I doubt it is the kayak. Tell me, do you usually fish from a boat or from shore? As there is a different technique ... from shore waters typically deepens as you go out. So you cast out a lure or pig&jig and let it sink, then bounce it back up the banking. 

But fishing from the yak, you're probably out there a bit and casting to shore and if not modifying your casting placement and technique, your lure could be missing the structure. 

And I am NOT implying you don't know how to fish, but the scenario above happended to me when I went from saltwater shore fishing to from a yak too. I had to learn different 'presentations'.

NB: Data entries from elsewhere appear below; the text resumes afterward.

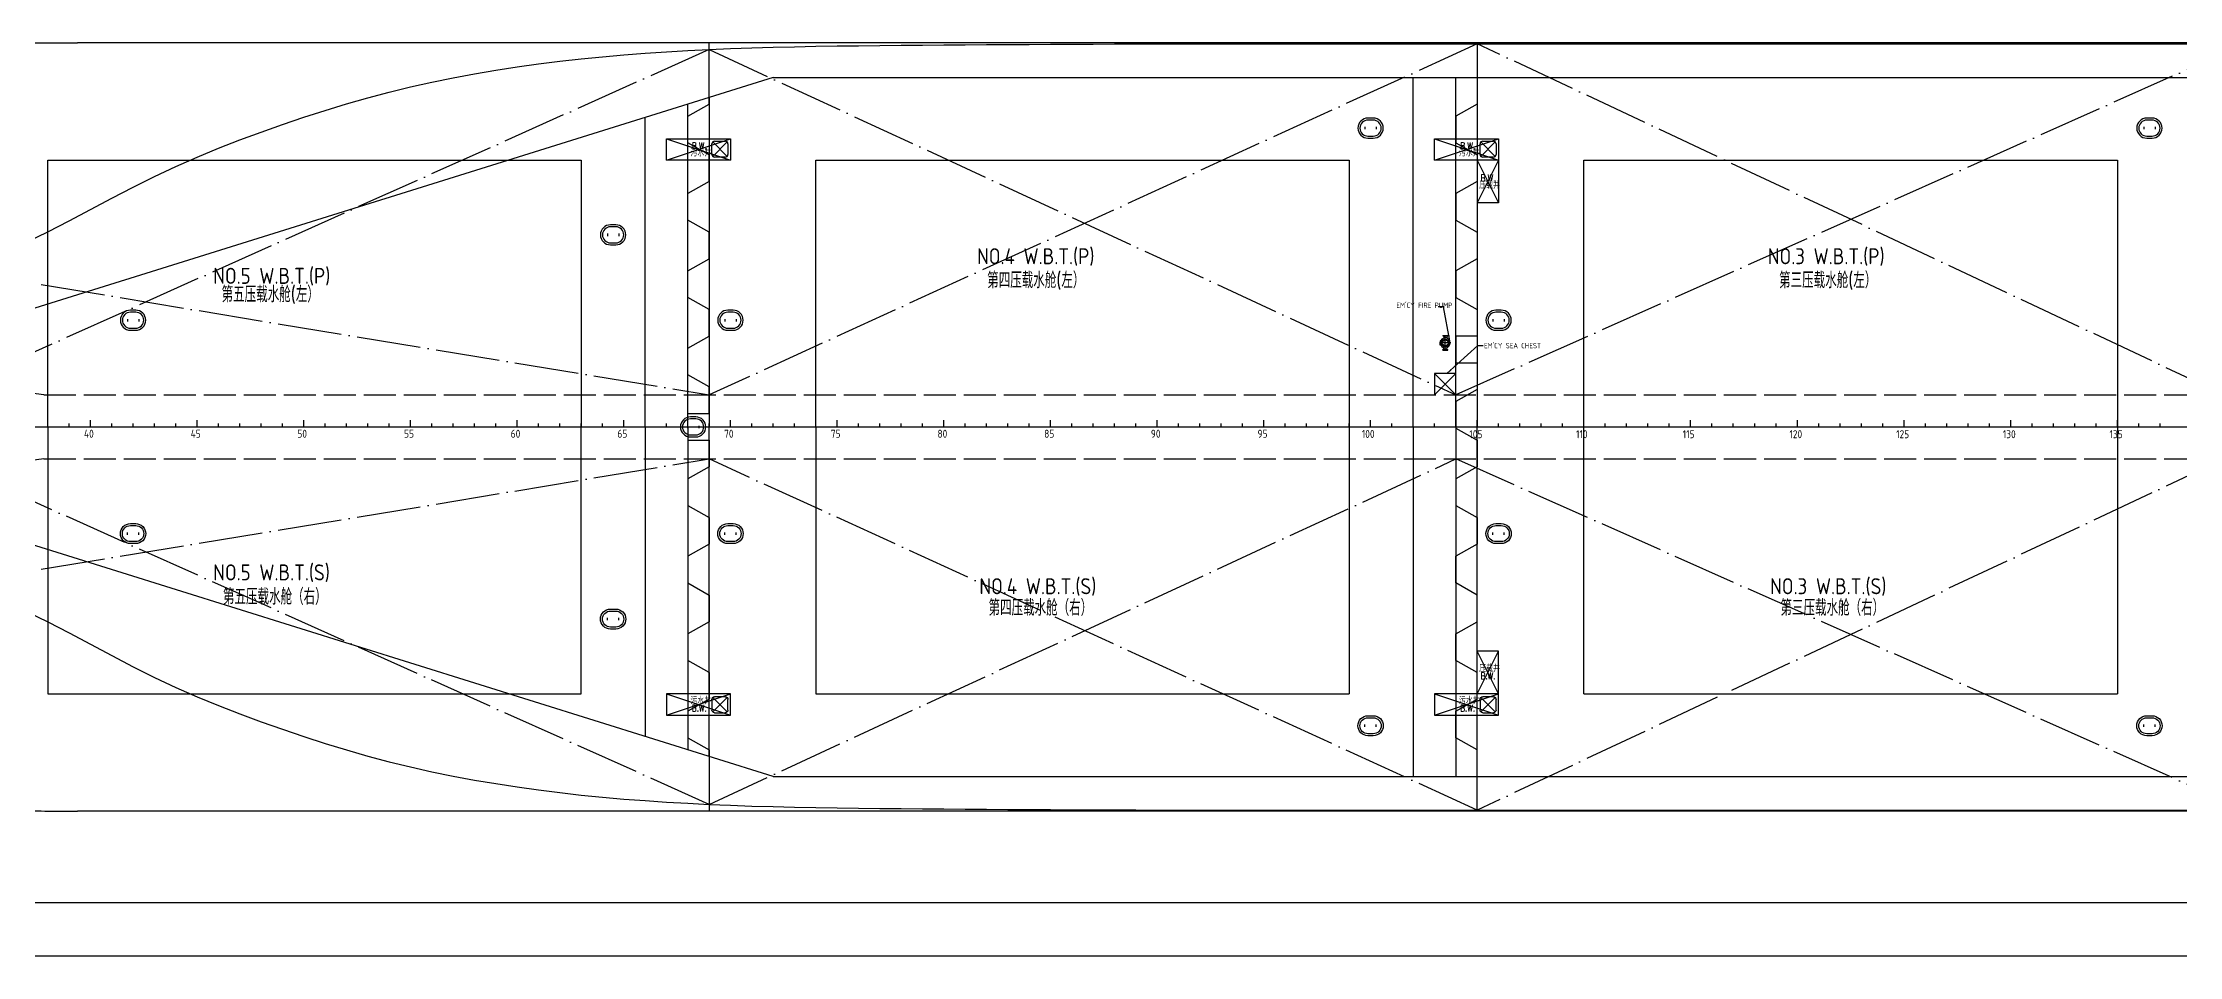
# Model space of a CAD drawing. Header units: millimetres. Extents: x -1838618 to -1600818, y -1770412 to -1553248.
# Drawn here: x -1797090 to -1716985, y -1770412 to -1736172 of the extents above; entities that cross this region are included whole.
import ezdxf

# ---------------------------------------------------------------- set-up
doc = ezdxf.new("R2010")
doc.units = ezdxf.units.MM
doc.header["$LTSCALE"] = 100
for name, pattern in [('ACAD_ISO02W100', [15, 12, -3]), ('ACAD_ISO04W100', [30, 24, -3, 0, -3]), ('CENTER2', [28.575, 19.05, -3.175, 3.175, -3.175]), ('CENTERLINE', [30, 24, -1.5, 3, -1.5]), ('DASHED', [0.75, 0.5, -0.25])]:
    doc.linetypes.add(name, pattern=pattern)
for name, color, linetype in [('412equipment', 6, 'Continuous'), ('图层4', 4, 'Continuous'), ('图层6', 6, 'Continuous')]:
    doc.layers.add(name, color=color, linetype=linetype)
doc.layers.add('标注', color=2, linetype='Continuous', lineweight=20)
doc.styles.add('ROMANS4', font='romans.shx', dxfattribs={"width": 0.8, "height": 400, "bigfont": 'hzdx.shx'})
doc.styles.get("Standard").update_dxf_attribs({"font": 'gbenor.shx', "width": 0.9, "bigfont": 'gbcbig.shx'})
doc.dimstyles.new('ISO-25', dxfattribs={"dimtxt": 200, "dimasz": 200, "dimexe": 20, "dimexo": 0.625, "dimgap": 35, "dimtad": 1, "dimdec": 0, "dimtxsty": 'Standard', "dimcen": 2.5, "dimclrd": 2, "dimclre": 2, "dimclrt": 2, "dimadec": 0, "dimazin": 0, "dimtfac": 1, "dimtdec": 0, "dimtmove": 0, "dimatfit": 3, "dimfxl": 1, "dimarcsym": 0})

# ---------------------------------------------------------------- blocks, each defined once
blk = doc.blocks.new('NJKLOP')
at = {"color": 1, "linetype": 'ACAD_ISO04W100', "ltscale": 15}
for p, q in [((2613106, 348019), (2612686, 348019)), ((2612900, 347742), (2612900, 348300))]:
    blk.add_line(p, q, dxfattribs=at)
at = {"color": 2}
for p, q in [((2612711, 348099), (2612711, 348019)), ((2612786, 348099), (2612711, 348099)), ((2612711, 347938), (2612711, 348019)), ((2612786, 347938), (2612711, 347938)), ((2612734, 348099), (2612734, 347938)), ((2612749, 348099), (2612749, 347938)), ((2612809, 348300), (2612809, 348284)), ((2612809, 348300), (2612994, 348300)), ((2612809, 348292), (2612994, 348292)), ((2612809, 348284), (2612994, 348284)), ((2612836, 347767), (2612843, 347826)), ((2612837, 348284), (2612846, 348212)), ((2612966, 348284), (2612957, 348211)), ((2612965, 347767), (2612960, 347828)), ((2612994, 348300), (2612994, 348284))]:
    blk.add_line(p, q, dxfattribs=at)
at = {"color": 2, "linetype": 'Continuous'}
for p, q in [((2612808, 347767), (2612993, 347767)), ((2612808, 347751), (2612808, 347767)), ((2612808, 347759), (2612993, 347759)), ((2612808, 347751), (2612993, 347751)), ((2612993, 347751), (2612993, 347767))]:
    blk.add_line(p, q, dxfattribs=at)
at = {"color": 2}
for centre, radius in [((2612900, 348019), 142), ((2612900, 348019), 126), ((2612900, 348018), 112)]:
    blk.add_circle(centre, radius, dxfattribs=at)
for centre, radius, start, end in [((2612900, 348019), 187, 205.61328, 154.38672), ((2612826, 347828), 17.2, 352.81216, 68.71068), ((2612829, 348210), 17.2, 290.43522, 6.86111), ((2612975, 348209), 17.2, 173.11622, 248.64756), ((2612977, 347829), 17.2, 112.03175, 184.61343)]:
    blk.add_arc(centre, radius, start, end, dxfattribs=at)
blk = doc.blocks.new('COORD')
at = {"color": 4}
for p, q in [((29000, 0), (29000, 125)), ((29800, 0), (29800, 125)), ((30600, 0), (30600, 250)), ((30600, 0), (30600, 125)), ((31400, 0), (31400, 125)), ((32200, 0), (32200, 125)), ((33000, 0), (33000, 125)), ((33800, 0), (33800, 125)), ((34600, 0), (34600, 250)), ((34600, 0), (34600, 125)), ((35400, 0), (35400, 125)), ((36200, 0), (36200, 125)), ((37000, 0), (37000, 125)), ((37800, 0), (37800, 125)), ((38600, 0), (38600, 250)), ((38600, 0), (38600, 125)), ((39400, 0), (39400, 125)), ((40200, 0), (40200, 125)), ((41000, 0), (41000, 125)), ((41800, 0), (41800, 125)), ((42600, 0), (42600, 250)), ((42600, 0), (42600, 125)), ((43400, 0), (43400, 125)), ((44200, 0), (44200, 125)), ((45000, 0), (45000, 125)), ((45800, 0), (45800, 125)), ((46600, 0), (46600, 250)), ((46600, 0), (46600, 125)), ((47400, 0), (47400, 125)), ((48200, 0), (48200, 125)), ((49000, 0), (49000, 125)), ((49800, 0), (49800, 125)), ((50600, 0), (50600, 250)), ((50600, 0), (50600, 125)), ((51400, 0), (51400, 125)), ((52200, 0), (52200, 125)), ((53000, 0), (53000, 125)), ((53800, 0), (53800, 125)), ((54600, 0), (54600, 250)), ((54600, 0), (54600, 125)), ((55400, 0), (55400, 125)), ((56200, 0), (56200, 125)), ((57000, 0), (57000, 125)), ((57800, 0), (57800, 125)), ((58600, 0), (58600, 250)), ((58600, 0), (58600, 125)), ((59400, 0), (59400, 125)), ((60200, 0), (60200, 125)), ((61000, 0), (61000, 125)), ((61800, 0), (61800, 125)), ((62600, 0), (62600, 250)), ((62600, 0), (62600, 125)), ((63400, 0), (63400, 125)), ((64200, 0), (64200, 125)), ((65000, 0), (65000, 125)), ((65800, 0), (65800, 125)), ((66600, 0), (66600, 250)), ((66600, 0), (66600, 125)), ((67400, 0), (67400, 125)), ((68200, 0), (68200, 125)), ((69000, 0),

For bass, my motto is in this order ... structure - bait - presentation.


----------



## richg99 (Jul 22, 2015)

Surely you jest....or are a troll.

I've had two LIME green yaks; one white one; and one Mango colored. I can often nearly run into fish in the shallows before they notice my drifting yak.

As they say in golf, or maybe archery........it's not the arrow...it is the Indian.....

richg99


----------



## fool4fish1226 (Jul 23, 2015)

Here are my two kayaks - close to the color of yours - no problems catching fish - just keep at it - yak fishing is great - I am fixing to put a trolling motor on my ascend fs128t to free up my hand while trolling.


----------



## Jim (Jul 23, 2015)

richg99 said:


> Surely you jest....or are a troll.



This!

100% guarantee it is your technique. I have seen your skills and they do NOT pay the bills. Dynamite wont help you.


----------



## Jim (Jul 23, 2015)

Love your kayak by the way! :wink:


----------



## BassAddict (Jul 23, 2015)

I tried bringing a banana fishing thinking it would improve my luck....... 



It did not, fish were jumping everywhere mocking me!!! 

Maybe I should install a fish finder, I am leaning towards buying this unit because of the easy install


----------



## Captain Ahab (Jul 23, 2015)

Using bass addict and skill in the same post is rediculous


----------



## Skiffing (Jul 23, 2015)

You have to write "God, help me" in magic marker on the banana, seal it in a zip lock and keep it in the boat for the season.

This works. Don't ask how I know.


----------



## jethro (Jul 24, 2015)

So obviously you have the wrong paint on your kayak. Don't listen to any of these guys, it's definitely the paint. This is what you want to paint on the bottom of your 'yak and all the big Larrys will be jumping in the boat:


----------



## Captain Ahab (Jul 24, 2015)

See told ya so


----------



## Jim (Jul 24, 2015)

:LOL2:


----------



## WaterWaif (Jul 24, 2015)

Wrap it in tin!
(The kayak not the banana.)
You might try wearing a disguise as well...


----------



## Jim (Jul 24, 2015)

:LOL2: 

then he would get shot at!


----------



## RiverBottomOutdoors (Jul 24, 2015)

The first thing to check is how you are holding your mouth. Maybe you're not holding it right....


----------



## KMixson (Jul 24, 2015)

Pink plaid always works.


----------



## richg99 (Jul 24, 2015)

Had two 2 lb bass swim UNDER my Mango yak this morning, in about 4 feet of water.

richg99


----------



## Captain Ahab (Jul 24, 2015)

RiverBottomOutdoors said:


> The first thing to check is how you are holding your mouth. Maybe you're not holding it right....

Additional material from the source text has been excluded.